**WHAT IS BEING ASKED**
Scanning the entries below, copy every line that contains the word "CIRCLE".

**DATA UNDER STUDY**
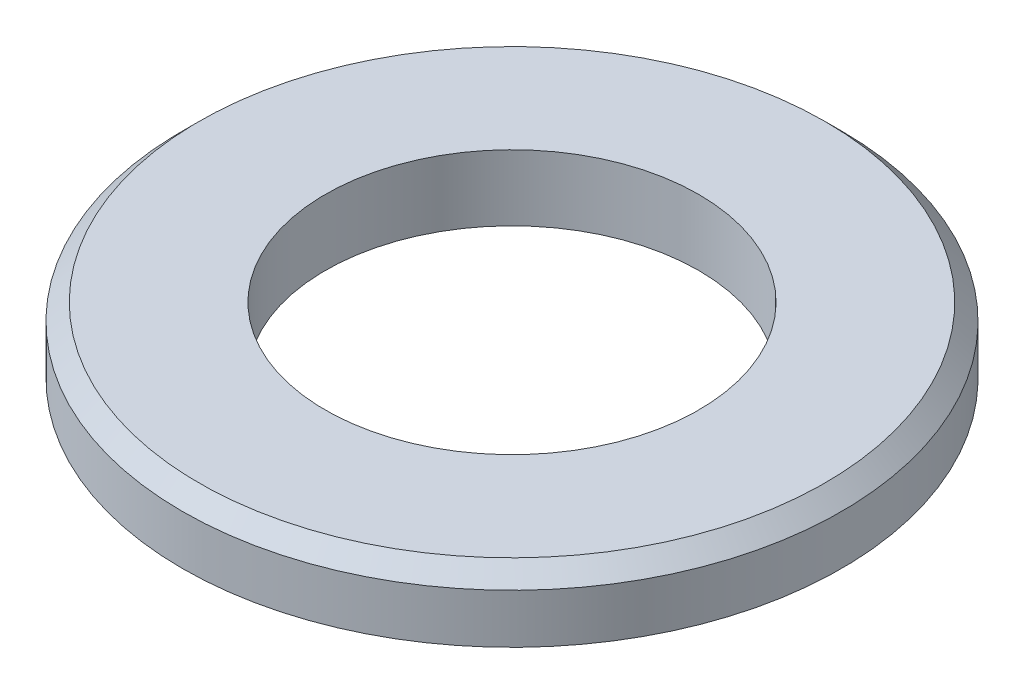
ISO-10303-21;
HEADER;
FILE_DESCRIPTION(('STEP AP214'),'2;1');
FILE_NAME('part.step','',(''),(''),'','','');
FILE_SCHEMA(('AUTOMOTIVE_DESIGN { 1 0 10303 214 1 1 1 1 }'));
ENDSEC;
DATA;
#1=APPLICATION_CONTEXT('core data for automotive mechanical design processes');
#2=APPLICATION_PROTOCOL_DEFINITION('international standard','automotive_design',2000,#1);
#3=PRODUCT_CONTEXT('',#1,'mechanical');
#4=PRODUCT('Part','Part','',(#3));
#5=PRODUCT_RELATED_PRODUCT_CATEGORY('part','',(#4));
#6=PRODUCT_DEFINITION_FORMATION('','',#4);
#7=PRODUCT_DEFINITION_CONTEXT('part definition',#1,'design');
#8=PRODUCT_DEFINITION('design','',#6,#7);
#9=PRODUCT_DEFINITION_SHAPE('','',#8);
#10=(LENGTH_UNIT() NAMED_UNIT(*) SI_UNIT(.MILLI.,.METRE.));
#11=(NAMED_UNIT(*) PLANE_ANGLE_UNIT() SI_UNIT($,.RADIAN.));
#12=(NAMED_UNIT(*) SI_UNIT($,.STERADIAN.) SOLID_ANGLE_UNIT());
#13=UNCERTAINTY_MEASURE_WITH_UNIT(LENGTH_MEASURE(1.E-05),#10,'distance_accuracy_value','');
#14=(GEOMETRIC_REPRESENTATION_CONTEXT(3) GLOBAL_UNCERTAINTY_ASSIGNED_CONTEXT((#13)) GLOBAL_UNIT_ASSIGNED_CONTEXT((#10,
#11,#12)) REPRESENTATION_CONTEXT('',''));
#15=CARTESIAN_POINT('',(0.,0.,0.));
#16=DIRECTION('',(0.,0.,1.));
#17=DIRECTION('',(1.,0.,0.));
#18=AXIS2_PLACEMENT_3D('',#15,#16,#17);
#19=CARTESIAN_POINT('',(0.,0.,0.));
#20=DIRECTION('',(0.,-1.,0.));
#21=DIRECTION('',(0.,0.,-1.));
#22=AXIS2_PLACEMENT_3D('',#19,#20,#21);
#23=CYLINDRICAL_SURFACE('',#22,8.5);
#24=CARTESIAN_POINT('',(0.,11.6445070422535,0.));
#25=DIRECTION('',(0.,-1.,0.));
#26=DIRECTION('',(0.,0.,-1.));
#27=AXIS2_PLACEMENT_3D('',#24,#25,#26);
#28=CIRCLE('',#27,8.5);
#29=CARTESIAN_POINT('',(0.,11.6445070422535,-8.5));
#30=VERTEX_POINT('',#29);
#31=EDGE_CURVE('E10',#30,#30,#28,.T.);
#32=ORIENTED_EDGE('',*,*,#31,.F.);
#33=EDGE_LOOP('',(#32));
#34=FACE_BOUND('',#33,.T.);
#35=CARTESIAN_POINT('',(0.,8.64450704225353,0.));
#36=DIRECTION('',(0.,-1.,0.));
#37=DIRECTION('',(0.,0.,-1.));
#38=AXIS2_PLACEMENT_3D('',#35,#36,#37);
#39=CIRCLE('',#38,8.5);
#40=CARTESIAN_POINT('',(0.,8.64450704225353,-8.5));
#41=VERTEX_POINT('',#40);
#42=EDGE_CURVE('E54',#41,#41,#39,.T.);
#43=ORIENTED_EDGE('',*,*,#42,.T.);
#44=EDGE_LOOP('',(#43));
#45=FACE_BOUND('',#44,.T.);
#46=ADVANCED_FACE('F35',(#34,#45),#23,.F.);
#47=CARTESIAN_POINT('',(-8.5,11.6445070422535,0.));
#48=DIRECTION('',(0.,-1.,0.));
#49=DIRECTION('',(0.,0.,-1.));
#50=AXIS2_PLACEMENT_3D('',#47,#48,#49);
#51=PLANE('',#50);
#52=CARTESIAN_POINT('',(0.,11.6445070422535,0.));
#53=DIRECTION('',(0.,-1.,0.));
#54=DIRECTION('',(0.,0.,-1.));
#55=AXIS2_PLACEMENT_3D('',#52,#53,#54);
#56=CIRCLE('',#55,14.25);
#57=CARTESIAN_POINT('',(0.,11.6445070422535,-14.25));
#58=VERTEX_POINT('',#57);
#59=EDGE_CURVE('E41',#58,#58,#56,.T.);
#60=ORIENTED_EDGE('',*,*,#59,.F.);
#61=EDGE_LOOP('',(#60));
#62=FACE_BOUND('',#61,.T.);
#63=ORIENTED_EDGE('',*,*,#31,.T.);
#64=EDGE_LOOP('',(#63));
#65=FACE_BOUND('',#64,.T.);
#66=ADVANCED_FACE('F73',(#62,#65),#51,.F.);
#67=CARTESIAN_POINT('',(0.,11.6445070422535,0.));
#68=DIRECTION('',(0.,-1.,0.));
#69=DIRECTION('',(0.,0.,-1.));
#70=AXIS2_PLACEMENT_3D('',#67,#68,#69);
#71=CONICAL_SURFACE('',#70,14.25,0.78539816339745);
#72=CARTESIAN_POINT('',(0.,10.8945070422535,0.));
#73=DIRECTION('',(0.,-1.,0.));
#74=DIRECTION('',(0.,0.,-1.));
#75=AXIS2_PLACEMENT_3D('',#72,#73,#74);
#76=CIRCLE('',#75,15.);
#77=CARTESIAN_POINT('',(0.,10.8945070422535,-15.));
#78=VERTEX_POINT('',#77);
#79=EDGE_CURVE('E45',#78,#78,#76,.T.);
#80=ORIENTED_EDGE('',*,*,#79,.F.);
#81=EDGE_LOOP('',(#80));
#82=FACE_BOUND('',#81,.T.);
#83=ORIENTED_EDGE('',*,*,#59,.T.);
#84=EDGE_LOOP('',(#83));
#85=FACE_BOUND('',#84,.T.);
#86=ADVANCED_FACE('F68',(#82,#85),#71,.T.);
#87=CARTESIAN_POINT('',(0.,0.,0.));
#88=DIRECTION('',(0.,-1.,0.));
#89=DIRECTION('',(0.,0.,-1.));
#90=AXIS2_PLACEMENT_3D('',#87,#88,#89);
#91=CYLINDRICAL_SURFACE('',#90,15.);
#92=CARTESIAN_POINT('',(0.,8.64450704225353,0.));
#93=DIRECTION('',(0.,-1.,0.));
#94=DIRECTION('',(0.,0.,-1.));
#95=AXIS2_PLACEMENT_3D('',#92,#93,#94);
#96=CIRCLE('',#95,15.);
#97=CARTESIAN_POINT('',(0.,8.64450704225353,-15.));
#98=VERTEX_POINT('',#97);
#99=EDGE_CURVE('E49',#98,#98,#96,.T.);
#100=ORIENTED_EDGE('',*,*,#99,.F.);
#101=EDGE_LOOP('',(#100));
#102=FACE_BOUND('',#101,.T.);
#103=ORIENTED_EDGE('',*,*,#79,.T.);
#104=EDGE_LOOP('',(#103));
#105=FACE_BOUND('',#104,.T.);
#106=ADVANCED_FACE('F62',(#102,#105),#91,.T.);
#107=CARTESIAN_POINT('',(-8.5,8.64450704225353,0.));
#108=DIRECTION('',(0.,1.,0.));
#109=DIRECTION('',(0.,0.,1.));
#110=AXIS2_PLACEMENT_3D('',#107,#108,#109);
#111=PLANE('',#110);
#112=ORIENTED_EDGE('',*,*,#42,.F.);
#113=EDGE_LOOP('',(#112));
#114=FACE_BOUND('',#113,.T.);
#115=ORIENTED_EDGE('',*,*,#99,.T.);
#116=EDGE_LOOP('',(#115));
#117=FACE_BOUND('',#116,.T.);
#118=ADVANCED_FACE('F59',(#114,#117),#111,.F.);
#119=CLOSED_SHELL('',(#46,#66,#86,#106,#118));
#120=MANIFOLD_SOLID_BREP('B2',#119);
#121=ADVANCED_BREP_SHAPE_REPRESENTATION('',(#18,#120),#14);
#122=SHAPE_DEFINITION_REPRESENTATION(#9,#121);
ENDSEC;
END-ISO-10303-21;

**RESULT OF THIS TASK**
#28=CIRCLE('',#27,8.5);
#39=CIRCLE('',#38,8.5);
#56=CIRCLE('',#55,14.25);
#76=CIRCLE('',#75,15.);
#96=CIRCLE('',#95,15.);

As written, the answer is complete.